## GOAL OF THE EXERCISE
Print the listing in full, exactly as it stands.

## STORED DATA
▬▬▬
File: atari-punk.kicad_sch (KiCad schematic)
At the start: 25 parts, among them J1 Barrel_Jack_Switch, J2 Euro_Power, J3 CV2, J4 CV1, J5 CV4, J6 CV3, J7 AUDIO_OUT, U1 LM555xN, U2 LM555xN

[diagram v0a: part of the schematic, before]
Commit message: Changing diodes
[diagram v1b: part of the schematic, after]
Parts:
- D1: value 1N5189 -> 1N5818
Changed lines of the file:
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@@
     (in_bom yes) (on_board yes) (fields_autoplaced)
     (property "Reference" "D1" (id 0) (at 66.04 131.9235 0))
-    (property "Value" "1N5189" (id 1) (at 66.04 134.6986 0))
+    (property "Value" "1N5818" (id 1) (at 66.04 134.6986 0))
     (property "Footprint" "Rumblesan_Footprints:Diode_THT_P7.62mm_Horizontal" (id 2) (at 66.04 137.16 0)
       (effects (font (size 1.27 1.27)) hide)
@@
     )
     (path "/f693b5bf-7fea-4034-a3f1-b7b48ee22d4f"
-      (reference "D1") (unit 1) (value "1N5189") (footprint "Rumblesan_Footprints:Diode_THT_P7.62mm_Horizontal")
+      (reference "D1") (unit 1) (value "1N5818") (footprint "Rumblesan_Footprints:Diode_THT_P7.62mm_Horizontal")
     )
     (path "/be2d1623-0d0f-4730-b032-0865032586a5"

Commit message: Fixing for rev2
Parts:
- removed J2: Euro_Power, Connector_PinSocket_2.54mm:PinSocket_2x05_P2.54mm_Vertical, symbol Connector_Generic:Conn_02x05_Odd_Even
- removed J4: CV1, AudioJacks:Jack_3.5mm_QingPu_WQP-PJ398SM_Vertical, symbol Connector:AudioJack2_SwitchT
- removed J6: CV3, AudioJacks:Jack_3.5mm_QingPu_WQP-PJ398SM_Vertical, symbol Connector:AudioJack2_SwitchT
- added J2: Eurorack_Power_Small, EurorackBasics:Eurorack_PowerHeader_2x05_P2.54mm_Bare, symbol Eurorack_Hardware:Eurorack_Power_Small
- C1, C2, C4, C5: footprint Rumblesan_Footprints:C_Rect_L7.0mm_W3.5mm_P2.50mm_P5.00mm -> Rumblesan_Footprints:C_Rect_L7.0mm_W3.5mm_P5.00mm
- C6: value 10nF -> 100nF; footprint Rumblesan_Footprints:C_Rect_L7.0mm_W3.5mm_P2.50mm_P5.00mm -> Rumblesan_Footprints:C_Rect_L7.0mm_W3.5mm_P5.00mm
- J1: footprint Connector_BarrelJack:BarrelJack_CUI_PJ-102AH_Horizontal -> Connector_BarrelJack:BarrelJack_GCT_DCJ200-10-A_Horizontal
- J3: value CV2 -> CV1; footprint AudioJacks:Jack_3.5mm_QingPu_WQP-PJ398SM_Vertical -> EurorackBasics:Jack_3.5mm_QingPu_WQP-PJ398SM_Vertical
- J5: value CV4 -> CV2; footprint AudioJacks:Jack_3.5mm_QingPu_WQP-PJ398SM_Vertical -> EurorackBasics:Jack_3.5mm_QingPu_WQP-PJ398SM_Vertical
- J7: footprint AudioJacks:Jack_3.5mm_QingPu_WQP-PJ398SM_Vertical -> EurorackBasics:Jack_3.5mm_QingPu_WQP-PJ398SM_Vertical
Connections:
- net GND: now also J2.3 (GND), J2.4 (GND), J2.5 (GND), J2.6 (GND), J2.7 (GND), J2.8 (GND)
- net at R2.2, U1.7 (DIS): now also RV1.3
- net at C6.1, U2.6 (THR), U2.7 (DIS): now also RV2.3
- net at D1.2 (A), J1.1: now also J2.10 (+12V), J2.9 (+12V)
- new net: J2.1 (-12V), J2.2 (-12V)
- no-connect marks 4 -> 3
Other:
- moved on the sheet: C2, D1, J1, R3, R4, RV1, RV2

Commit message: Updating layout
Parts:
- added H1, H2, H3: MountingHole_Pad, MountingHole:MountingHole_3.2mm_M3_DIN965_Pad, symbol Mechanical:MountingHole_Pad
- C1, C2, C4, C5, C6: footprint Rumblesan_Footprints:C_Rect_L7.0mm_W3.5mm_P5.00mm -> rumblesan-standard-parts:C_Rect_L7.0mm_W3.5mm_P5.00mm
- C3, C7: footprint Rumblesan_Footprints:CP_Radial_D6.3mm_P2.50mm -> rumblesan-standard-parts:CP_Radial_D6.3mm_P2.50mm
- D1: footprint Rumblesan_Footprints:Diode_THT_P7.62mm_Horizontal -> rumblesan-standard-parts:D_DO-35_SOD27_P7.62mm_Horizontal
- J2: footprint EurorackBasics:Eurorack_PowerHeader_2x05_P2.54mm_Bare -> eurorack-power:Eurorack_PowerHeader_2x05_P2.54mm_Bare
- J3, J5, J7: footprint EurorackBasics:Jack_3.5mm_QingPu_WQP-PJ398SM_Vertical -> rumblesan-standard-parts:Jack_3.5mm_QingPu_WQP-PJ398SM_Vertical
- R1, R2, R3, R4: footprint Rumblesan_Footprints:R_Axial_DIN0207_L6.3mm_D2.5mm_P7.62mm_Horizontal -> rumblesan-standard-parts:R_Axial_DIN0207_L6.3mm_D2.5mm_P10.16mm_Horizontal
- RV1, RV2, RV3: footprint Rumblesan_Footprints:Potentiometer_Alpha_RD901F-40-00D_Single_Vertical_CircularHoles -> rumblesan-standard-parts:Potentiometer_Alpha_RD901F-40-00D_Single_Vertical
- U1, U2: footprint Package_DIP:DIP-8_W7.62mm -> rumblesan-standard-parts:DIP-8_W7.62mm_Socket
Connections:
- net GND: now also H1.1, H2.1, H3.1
▬▬▬
## WRITTEN SOLUTION
File: atari-punk.kicad_sch (KiCad schematic)
At the start: 25 parts, among them J1 Barrel_Jack_Switch, J2 Euro_Power, J3 CV2, J4 CV1, J5 CV4, J6 CV3, J7 AUDIO_OUT, U1 LM555xN, U2 LM555xN

[diagram v0a: part of the schematic, before]
Commit message: Changing diodes
[diagram v1b: part of the schematic, after]
Parts:
- D1: value 1N5189 -> 1N5818
Changed lines of the file:
@@
     (in_bom yes) (on_board yes) (fields_autoplaced)
     (property "Reference" "D1" (id 0) (at 66.04 131.9235 0))
-    (property "Value" "1N5189" (id 1) (at 66.04 134.6986 0))
+    (property "Value" "1N5818" (id 1) (at 66.04 134.6986 0))
     (property "Footprint" "Rumblesan_Footprints:Diode_THT_P7.62mm_Horizontal" (id 2) (at 66.04 137.16 0)
       (effects (font (size 1.27 1.27)) hide)
@@
     )
     (path "/f693b5bf-7fea-4034-a3f1-b7b48ee22d4f"
-      (reference "D1") (unit 1) (value "1N5189") (footprint "Rumblesan_Footprints:Diode_THT_P7.62mm_Horizontal")
+      (reference "D1") (unit 1) (value "1N5818") (footprint "Rumblesan_Footprints:Diode_THT_P7.62mm_Horizontal")
     )
     (path "/be2d1623-0d0f-4730-b032-0865032586a5"

Commit message: Fixing for rev2
Parts:
- removed J2: Euro_Power, Connector_PinSocket_2.54mm:PinSocket_2x05_P2.54mm_Vertical, symbol Connector_Generic:Conn_02x05_Odd_Even
- removed J4: CV1, AudioJacks:Jack_3.5mm_QingPu_WQP-PJ398SM_Vertical, symbol Connector:AudioJack2_SwitchT
- removed J6: CV3, AudioJacks:Jack_3.5mm_QingPu_WQP-PJ398SM_Vertical, symbol Connector:AudioJack2_SwitchT
- added J2: Eurorack_Power_Small, EurorackBasics:Eurorack_PowerHeader_2x05_P2.54mm_Bare, symbol Eurorack_Hardware:Eurorack_Power_Small
- C1, C2, C4, C5: footprint Rumblesan_Footprints:C_Rect_L7.0mm_W3.5mm_P2.50mm_P5.00mm -> Rumblesan_Footprints:C_Rect_L7.0mm_W3.5mm_P5.00mm
- C6: value 10nF -> 100nF; footprint Rumblesan_Footprints:C_Rect_L7.0mm_W3.5mm_P2.50mm_P5.00mm -> Rumblesan_Footprints:C_Rect_L7.0mm_W3.5mm_P5.00mm
- J1: footprint Connector_BarrelJack:BarrelJack_CUI_PJ-102AH_Horizontal -> Connector_BarrelJack:BarrelJack_GCT_DCJ200-10-A_Horizontal
- J3: value CV2 -> CV1; footprint AudioJacks:Jack_3.5mm_QingPu_WQP-PJ398SM_Vertical -> EurorackBasics:Jack_3.5mm_QingPu_WQP-PJ398SM_Vertical
- J5: value CV4 -> CV2; footprint AudioJacks:Jack_3.5mm_QingPu_WQP-PJ398SM_Vertical -> EurorackBasics:Jack_3.5mm_QingPu_WQP-PJ398SM_Vertical
- J7: footprint AudioJacks:Jack_3.5mm_QingPu_WQP-PJ398SM_Vertical -> EurorackBasics:Jack_3.5mm_QingPu_WQP-PJ398SM_Vertical
Connections:
- net GND: now also J2.3 (GND), J2.4 (GND), J2.5 (GND), J2.6 (GND), J2.7 (GND), J2.8 (GND)
- net at R2.2, U1.7 (DIS): now also RV1.3
- net at C6.1, U2.6 (THR), U2.7 (DIS): now also RV2.3
- net at D1.2 (A), J1.1: now also J2.10 (+12V), J2.9 (+12V)
- new net: J2.1 (-12V), J2.2 (-12V)
- no-connect marks 4 -> 3
Other:
- moved on the sheet: C2, D1, J1, R3, R4, RV1, RV2

Commit message: Updating layout
Parts:
- added H1, H2, H3: MountingHole_Pad, MountingHole:MountingHole_3.2mm_M3_DIN965_Pad, symbol Mechanical:MountingHole_Pad
- C1, C2, C4, C5, C6: footprint Rumblesan_Footprints:C_Rect_L7.0mm_W3.5mm_P5.00mm -> rumblesan-standard-parts:C_Rect_L7.0mm_W3.5mm_P5.00mm
- C3, C7: footprint Rumblesan_Footprints:CP_Radial_D6.3mm_P2.50mm -> rumblesan-standard-parts:CP_Radial_D6.3mm_P2.50mm
- D1: footprint Rumblesan_Footprints:Diode_THT_P7.62mm_Horizontal -> rumblesan-standard-parts:D_DO-35_SOD27_P7.62mm_Horizontal
- J2: footprint EurorackBasics:Eurorack_PowerHeader_2x05_P2.54mm_Bare -> eurorack-power:Eurorack_PowerHeader_2x05_P2.54mm_Bare
- J3, J5, J7: footprint EurorackBasics:Jack_3.5mm_QingPu_WQP-PJ398SM_Vertical -> rumblesan-standard-parts:Jack_3.5mm_QingPu_WQP-PJ398SM_Vertical
- R1, R2, R3, R4: footprint Rumblesan_Footprints:R_Axial_DIN0207_L6.3mm_D2.5mm_P7.62mm_Horizontal -> rumblesan-standard-parts:R_Axial_DIN0207_L6.3mm_D2.5mm_P10.16mm_Horizontal
- RV1, RV2, RV3: footprint Rumblesan_Footprints:Potentiometer_Alpha_RD901F-40-00D_Single_Vertical_CircularHoles -> rumblesan-standard-parts:Potentiometer_Alpha_RD901F-40-00D_Single_Vertical
- U1, U2: footprint Package_DIP:DIP-8_W7.62mm -> rumblesan-standard-parts:DIP-8_W7.62mm_Socket
Connections:
- net GND: now also H1.1, H2.1, H3.1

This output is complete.